**Task goal**
Of all the lines below, output only those starting at the one with "line L3 (25.4, 0)" and ending at the one with "line L13 (111.9188, 14.2875)", both ends included, exactly as written.

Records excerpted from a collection
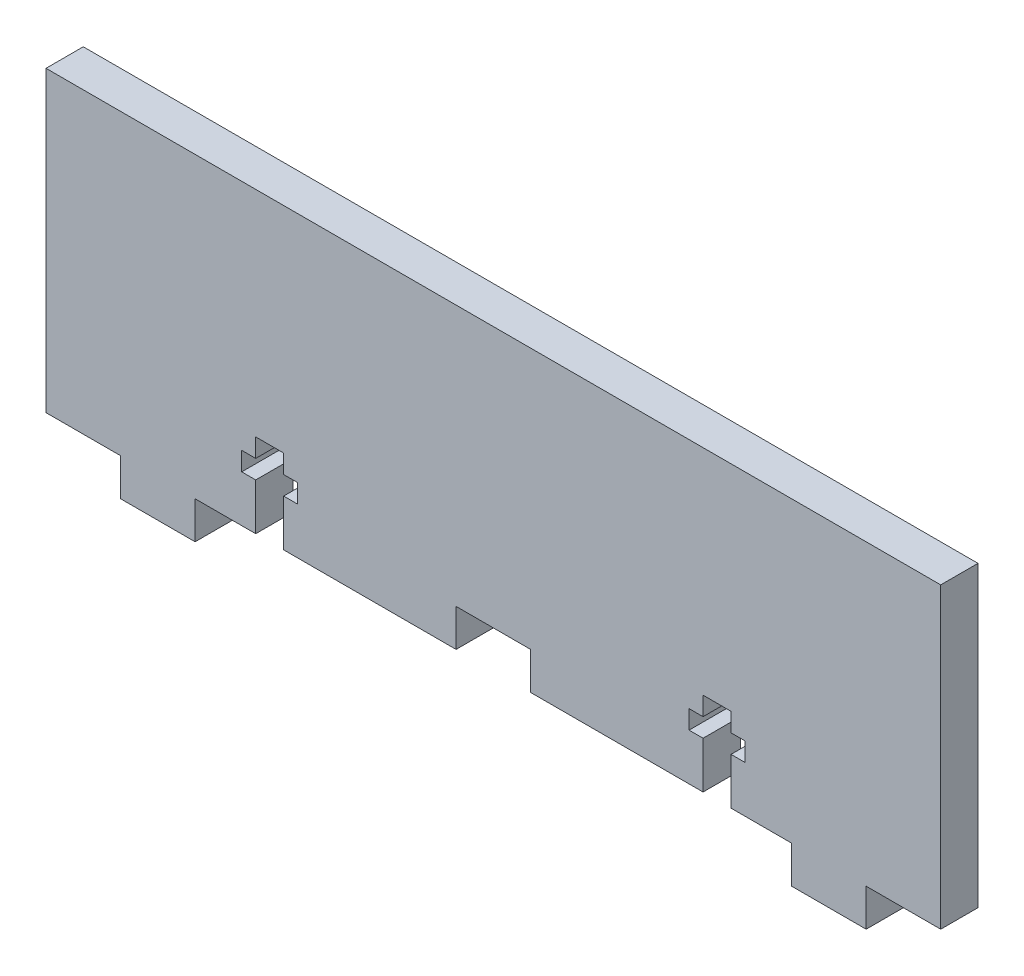
SolidWorks part; units mm, degrees
ref_plane "Front Plane" through (0, 0, 0) normal (0, 0, 1) x (1, 0, 0)
ref_plane "Top Plane" through (0, 0, 0) normal (0, 1, 0) x (1, 0, 0)
ref_plane "Right Plane" through (0, 0, 0) normal (1, 0, 0) x (0, 0, -1)
sketch "Sketch1" plane through (0, 0, 0) normal (0, 0, 1) x (1, 0, 0)
  line L0 (139.7, 6.35) -> (152.4, 6.35)
  line L1 (12.7, 0) -> (25.4, 0)
  line L2 (0, 6.35) -> (0, 57.15)
  line L3 (0, 57.15) -> (152.4, 57.15)
  line L4 (152.4, 6.35) -> (152.4, 57.15)
  line L5 (127, 0) -> (139.7, 0)
  line L6 (0, 6.35) -> (12.7, 6.35)
  line L9 (12.7, 6.35) -> (12.7, 0)
  line L11 (25.4, 0) -> (25.4, 6.35)
  line L12 (25.4, 6.35) -> (127, 6.35)
  line L13 (127, 0) -> (127, 6.35)
  line L17 (139.7, 0) -> (139.7, 6.35)
  dimension "D3" = 12.7
  dimension "D4" = 6.35
  dimension "D5" = 101.6
  dimension "D6" = 12.7
  dimension "D7" = 12.7
extrude "Boss-Extrude1" add sketch "Sketch1" along normal blind 6.35
sketch "Sketch2" plane through (0, 0, 6.35) normal (0, 0, 1) x (1, 0, 0)
  line L0 (111.9188, 6.35) -> (111.9188, 14.2875)
  line L1 (25.4, 6.35) -> (127, 6.35) construction
  line L2 (76.2, 6.35) -> (76.2, 12.7)
  line L3 (25.4, 0) -> (25.4, 6.35) construction
  line L4 (42.8625, 17.4625) -> (42.8625, 14.2875)
  line L5 (40.4813, 6.35) -> (35.7188, 6.35)
  line L6 (82.55, 6.35) -> (69.85, 6.35)
  line L7 (76.2, 6.35) -> (76.2, 12.7)
  line L8 (35.7188, 6.35) -> (35.7188, 14.2875)
  line L9 (82.55, 12.7) -> (69.85, 12.7)
  line L10 (69.85, 6.35) -> (69.85, 12.7)
  line L11 (111.9188, 17.4625) -> (111.9188, 20.6375)
  line L12 (111.9188, 17.4625) -> (109.5375, 17.4625)
  line L13 (111.9188, 14.2875) -> (109.5375, 14.2875)
  line L14 (119.0625, 17.4625) -> (119.0625, 14.2875)
  line L15 (40.4813, 20.6375) -> (35.7188, 20.6375)
  line L16 (35.7188, 17.4625) -> (35.7188, 20.6375)
  line L17 (35.7188, 17.4625) -> (33.3375, 17.4625)
  line L18 (116.6813, 14.2875) -> (119.0625, 14.2875)
  line L19 (35.7188, 14.2875) -> (33.3375, 14.2875)
  line L20 (33.3375, 17.4625) -> (33.3375, 14.2875)
  line L21 (40.4813, 14.2875) -> (42.8625, 14.2875)
  line L22 (116.6813, 17.4625) -> (119.0625, 17.4625)
  line L23 (40.4813, 17.4625) -> (42.8625, 17.4625)
  line L24 (40.4813, 17.4625) -> (40.4813, 20.6375)
  line L25 (116.6813, 17.4625) -> (116.6813, 20.6375)
  line L26 (40.4813, 6.35) -> (40.4813, 14.2875)
  line L27 (111.9188, 20.6375) -> (116.6813, 20.6375)
  line L28 (82.55, 6.35) -> (82.55, 12.7)
  line L29 (116.6813, 6.35) -> (116.6813, 14.2875)
  line L30 (111.9188, 6.35) -> (116.6813, 6.35)
  line L31 (109.5375, 17.4625) -> (109.5375, 14.2875)
  point P6 (25.4, 3.175)
  dimension "D1" = 6.35
  dimension "D2" = 6.35
  dimension "D3" = 2.3813
  dimension "D5" = 7.9375
  dimension "D6" = 3.175
extrude "Cut-Extrude1" cut sketch "Sketch2" against normal blind 6.35 contours L16 L15 L24 L23 L4 L21 L26 L5 L8 L19 L20 L17 | L9 L10 L6 L28 | L11 L27 L25 L22 L14 L18 L29 L30 L0 L13 L31 L12

**Answer section**
  line L3 (25.4, 0) -> (25.4, 6.35) construction
  line L4 (42.8625, 17.4625) -> (42.8625, 14.2875)
  line L5 (40.4813, 6.35) -> (35.7188, 6.35)
  line L6 (82.55, 6.35) -> (69.85, 6.35)
  line L7 (76.2, 6.35) -> (76.2, 12.7)
  line L8 (35.7188, 6.35) -> (35.7188, 14.2875)
  line L9 (82.55, 12.7) -> (69.85, 12.7)
  line L10 (69.85, 6.35) -> (69.85, 12.7)
  line L11 (111.9188, 17.4625) -> (111.9188, 20.6375)
  line L12 (111.9188, 17.4625) -> (109.5375, 17.4625)
  line L13 (111.9188, 14.2875) -> (109.5375, 14.2875)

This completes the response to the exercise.